Phosphor - Applications - Cathode Ray Tubes

Cathode Ray Tubes

Cathode ray tubes produce signal-generated light patterns in a (typically) round or rectangular format. Bulky CRTs were used in the black-and-white household television ("TV") sets that became popular in the 1950s, as well as first-generation, tube-based color TVs, and most earlier computer monitors. CRTs have also been widely used in scientific and engineering instrumentation, such as oscilloscopes, usually with a single phosphor color, typically green.

White (in black-and-white): The mix of zinc cadmium sulfide and zinc sulfide silver, the ZnS:Ag+(Zn,Cd)S:Ag is the white P4 phosphor used in black and white television CRTs.

Red: Yttrium oxide-sulfide activated with europium is used as the red phosphor in color CRTs. The development of color TVs took a long time due to the long search for a red phosphor. The first red emitting rare earth phosphor, YVO4,Eu3, was introduced by Levine and Palilla as a primary color in television in 1964. In single crystal form, it was used as an excellent polarizer and laser material.

Yellow: When mixed with cadmium sulfide, the resulting zinc cadmium sulfide (Zn,Cd)S:Ag, provides strong yellow light.

Green: Combination of zinc sulfide with copper, the P31 phosphor or ZnS:Cu, provides green light peaking at 531 nm, with long glow.

Blue: Combination of zinc sulfide with few ppm of silver, the ZnS:Ag, when excited by electrons, provides strong blue glow with maximum at 450 nm, with short afterglow with 200 nanosecond duration. It is known as the P22B phosphor. This material, zinc sulfide silver, is still one of the most efficient phosphors in cathode ray tubes. It is used as a blue phosphor in color CRTs.

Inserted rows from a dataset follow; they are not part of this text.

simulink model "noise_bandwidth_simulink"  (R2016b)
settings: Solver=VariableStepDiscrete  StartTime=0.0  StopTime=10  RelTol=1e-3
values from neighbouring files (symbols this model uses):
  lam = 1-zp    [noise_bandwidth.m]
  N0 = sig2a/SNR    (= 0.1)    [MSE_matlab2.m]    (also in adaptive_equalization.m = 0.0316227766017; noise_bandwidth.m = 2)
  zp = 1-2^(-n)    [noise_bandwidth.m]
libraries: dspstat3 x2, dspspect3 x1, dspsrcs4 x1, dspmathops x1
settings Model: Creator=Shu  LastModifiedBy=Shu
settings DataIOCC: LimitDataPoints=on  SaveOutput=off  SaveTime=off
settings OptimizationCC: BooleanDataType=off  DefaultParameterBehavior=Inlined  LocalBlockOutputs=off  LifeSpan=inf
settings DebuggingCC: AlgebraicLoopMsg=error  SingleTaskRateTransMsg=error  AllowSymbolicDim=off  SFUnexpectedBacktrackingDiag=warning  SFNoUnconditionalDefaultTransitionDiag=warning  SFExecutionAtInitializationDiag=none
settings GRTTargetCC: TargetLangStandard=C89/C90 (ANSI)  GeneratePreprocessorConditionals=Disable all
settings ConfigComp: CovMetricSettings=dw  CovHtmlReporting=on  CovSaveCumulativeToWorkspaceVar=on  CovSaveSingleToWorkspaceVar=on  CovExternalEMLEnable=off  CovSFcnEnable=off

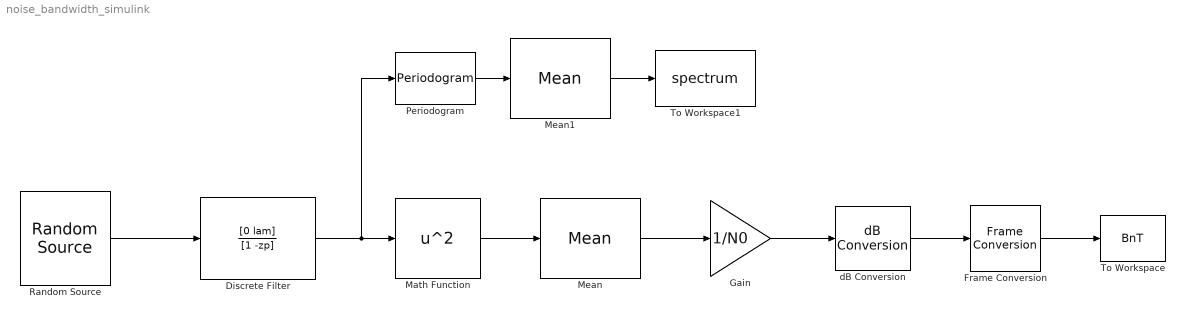
== system noise_bandwidth_simulink ==
  Discrete Filter : DiscreteFilter  Numerator=[0 lam]  Denominator=[1 -zp]
  Frame Conversion : FrameConversion  InheritSamplingMode=off  OutFrame=Sample-based
  Gain : Gain  Gain=1/N0
  Math Function : Math  Operator=square  SaturateOnIntegerOverflow=on
  Mean : dspstat3/Mean  run=on  reset_popup=None  directionMode=Each column  dimension=1  roiEnable=off  roiType=Rectangles  roiPortion=Entire ROI  roiOutput=Individual statistics for each ROI  roiFlag=off  outputDataTypeStr=Inherit: Same as accumulator  outputLastDataTypeStr=Inherit: Same as accumulator  outputMin=[]  outputMax=[]  roundingMode=Floor  overflowMode=off
  Mean1 : dspstat3/Mean  run=on  reset_popup=None  directionMode=Each column  dimension=1  roiEnable=off  roiType=Rectangles  roiPortion=Entire ROI  roiOutput=Individual statistics for each ROI  roiFlag=off  outputDataTypeStr=Inherit: Same as accumulator  outputLastDataTypeStr=Inherit: Same as accumulator  outputMin=[]  outputMax=[]  roundingMode=Floor  overflowMode=off
  Periodogram : dspspect3/Periodogram  measurement=Power spectral density  wintype=Hamming  Rs=50  beta=5  winsamp=Symmetric  FFTImplementation=Auto  inheritFFT=off  fftsize=256  navg=4  inheritTs=on  Ts=1
  Random Source : dspsrcs4/Random Source  SrcType=Gaussian  NormMethod=Ziggurat  CltLength=12  MinVal=0  MaxVal=1  MeanVal=0  VarVal=N0  RepMode=Not repeatable  rawSeed=1  IsInherit=off  SampMode=Discrete  SampTime=1  SampFrame=framelength  DataType=Double  OutComplex=Real  OutputFrames=off
  To Workspace : ToWorkspace  VariableName=BnT  SampleTime=-1
      settings: MaxDataPoints=1
  To Workspace1 : ToWorkspace  VariableName=spectrum  SampleTime=-1
      settings: MaxDataPoints=1
  dB Conversion : dspmathops/dB Conversion  dBtype=dB  intype=Power  R=1  fuzz=off
  wires:
  Random Source/1 -> Discrete Filter/1
  Discrete Filter/1 -> Periodogram/1, Math Function/1
  Math Function/1 -> Mean/1
  Mean/1 -> Gain/1
  Frame Conversion/1 -> To Workspace/1
  dB Conversion/1 -> Frame Conversion/1
  Gain/1 -> dB Conversion/1
  Periodogram/1 -> Mean1/1
  Mean1/1 -> To Workspace1/1

The phosphors are usually poor electrical conductors. This may lead to deposition of residual charge on the screen, effectively decreasing the energy of the impacting electrons due to electrostatic repulsion (an effect known as "sticking"). To eliminate this, a thin layer of aluminium is deposited over the phosphors and connected to the conductive layer inside the tube. This layer also reflects the phosphor light to the desired direction, and protects the phosphor from ion bombardment resulting from an imperfect vacuum.

To reduce the image degradation by reflection of ambient light, contrast can be increased by several methods. In addition to black masking of unused areas of screen, the phosphor particles in color screens are coated with pigments of matching color. For example the red phosphors are coated with ferric oxide (replacing earlier Cd(S,Se) due to cadmium toxicity), blue phosphors can be coated with marine blue (CoO·nAl₂O₃) or ultramarine (Na₈Al₆Si₆O₂₄S₂). Green phosphors based on ZnS:Cu do not have to be coated due to their own yellowish color.